Well, i transform g and x into the frequency domain.
u[n] = 1, n ≥ 0
u[n] = 0, n < 0
\begin{aligned}
x[n] & = u[n] \\
h_1[n] & = (\frac{1}{2})^n u[n] \\
g[n] & = (\frac{1}{2})^n u[n] \\
G(e^{j*\phi}) & = \frac{1}{1-0.5 * e^{-j*\phi}} \\
X(e^{j*\phi}) & = \frac{1}{1- e^{-j*\phi}} \\
H(e^{j*\phi}) & = \frac{G(e^{j*\phi})}{X(e^{j*\phi})}
\end{aligned}
But i don't know how to go on.
Best Answer
PART 1: I think you nearly got everything.

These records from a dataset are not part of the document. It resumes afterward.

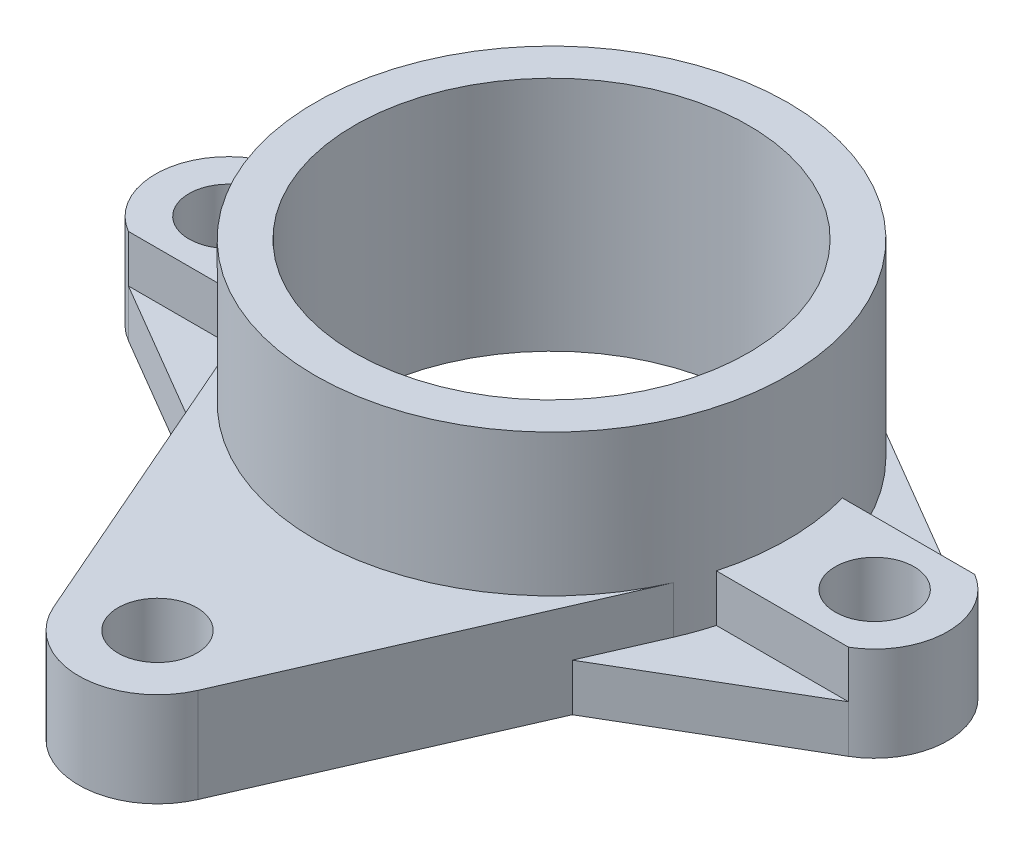
SolidWorks part; units mm, degrees
ref_plane "Front Plane" through (0, 0, 0) normal (0, 0, 1) x (1, 0, 0)
ref_plane "Top Plane" through (0, 0, 0) normal (0, 1, 0) x (1, 0, 0)
ref_plane "Right Plane" through (0, 0, 0) normal (1, 0, 0) x (0, 0, -1)
ref_plane "Plane1" through (0, 12, 0) normal (0, 1, 0) x (1, 0, 0)
sketch "Sketch1" plane through (0, 12, 0) normal (0, 1, 0) x (1, 0, 0)
  line L0 (-45.6876, -8) -> (-28.9137, -8)
  line L1 (-27.4955, -12) -> (-9.1652, -54)
  line L2 (9.1652, -54) -> (27.4955, -12)
  line L3 (28.9137, -8) -> (45.6876, -8)
  line L4 (45.6876, 8) -> (28.9137, 8)
  line L5 (-28.9137, 8) -> (-45.6876, 8)
  arc A0 (-45.6876, 8) -> (-45.6876, -8) centre (-41, 0) ccw
  arc A1 (-28.9137, -8) -> (-27.4955, -12) centre (0, 0) ccw
  arc A2 (-9.1652, -54) -> (9.1652, -54) centre (0, -50) ccw
  arc A3 (27.4955, -12) -> (28.9137, -8) centre (0, 0) ccw
  arc A4 (45.6876, -8) -> (45.6876, 8) centre (41, 0) ccw
  arc A5 (28.9137, 8) -> (-28.9137, 8) centre (0, 0) ccw
extrude "Boss-Extrude1" add sketch "Sketch1" against normal blind 6
sketch "Sketch2" plane through (0, 6, 0) normal (0, -1, 0) x (1, 0, 0)
  line L0 (-15.1667, -25.8838) -> (-45.6876, -8)
  line L1 (-45.6876, 8) -> (-23.5902, 20.948)
  line L2 (-23.5902, 20.948) -> (-9.1652, 54)
  line L3 (9.1652, 54) -> (23.5902, 20.948)
  line L4 (23.5902, 20.948) -> (45.6876, 8)
  line L5 (45.6876, -8) -> (15.1667, -25.8838)
  line L6 (-28.9137, -8) -> (-45.6876, -8) construction
  arc A0 (15.1667, -25.8838) -> (-15.1667, -25.8838) centre (0, 0) cw
  arc A1 (-45.6876, -8) -> (-45.6876, 8) centre (-41, 0) cw
  arc A2 (-9.1652, 54) -> (9.1652, 54) centre (0, 50) cw
  arc A3 (45.6876, 8) -> (45.6876, -8) centre (41, 0) cw
extrude "Boss-Extrude2" add sketch "Sketch2" along normal blind 6
sketch "Sketch3" plane through (0, 12, 0) normal (0, 1, 0) x (-1, 0, 0)
  circle A0 centre (0, 0) radius 30
extrude "Boss-Extrude3" add sketch "Sketch3" along normal blind 18
hole_wizard "Ø10.0 (10) Diameter Hole1" positions "Sketch5" profile "Sketch4" hole size "Ø10.0" standard "ANSI Metric"
sketch "Sketch5" plane through (0, 12, 0) normal (0, 1, 0) x (1, 0, 0)
  point P0 (-41, 0)
  point P1 (41, 0)
  point P2 (0, -50)
sketch "Sketch4" plane through (-41, 12, 0) normal (1, 0, 0) x (0, 0, 1)
  line L0 (0, 0) -> (0, 12)
  line L1 (0, 12) -> (5, 12)
  line L2 (5, 12) -> (5, 0)
  line L5 (5, 0) -> (0, 0)
  line L11 (0, -6.35) -> (0, 107.95) construction
  dimension "Thru Hole Dia." = 10
  dimension "Thru Hole Depth" = 12
hole_wizard "M45 Clearance Hole1" positions "Sketch7" profile "Sketch6" hole size "M45" standard "ANSI Metric"
sketch "Sketch7" plane through (0, 30, 0) normal (0, 1, 0) x (1, 0, 0)
  point P0 (0, 0)
sketch "Sketch6" plane through (0, 30, 0) normal (1, 0, 0) x (0, 0, 1)
  line L0 (0, 0) -> (0, 30)
  line L1 (0, 30) -> (25, 30)
  line L2 (25, 30) -> (25, 0)
  line L5 (25, 0) -> (0, 0)
  line L11 (0, -6.35) -> (0, 107.95) construction
  dimension "Thru Hole Dia." = 50
  dimension "Thru Hole Depth" = 30

You know your transmission function in the Fourier domain is:
$$H(\omega)=\frac{G(\omega)}{X(\omega)}=\frac{1- e^{-j\omega}}{1-0.5 e^{-j\omega}} \; .$$
The Fourier transform of $u[n]$ being $X(\omega)$, the Fourier transform of $u[n-1]$ is then
$$\frac{e^{-j\omega}}{1- e^{-j\omega}} \; .$$
Combining everything you get that the Fourier transform of $\delta[n]=u[n]-u[n-1]$ is
$$\frac{1}{1- e^{-j\omega}}-\frac{e^{-j\omega}}{1- e^{-j\omega}} = 1$$
and after passing through your system it will become
$$\frac{1-e^{-j\omega}}{1-0.5 e^{-j\omega}} \; .$$
Working out the components of the series expansion should give you the inverse Fourier transform.
PART 2: As I suggested before, you can solve the exercise without ever doing a Fourier transform. Since the system acts linearly on any input, and $\delta[n]=u[n]-u[n-1]$, it immediately follows that the output is
$$\left(\frac{1}{2}\right)^n u[n] - \left(\frac{1}{2}\right)^{n-1} u[n-1] \; .$$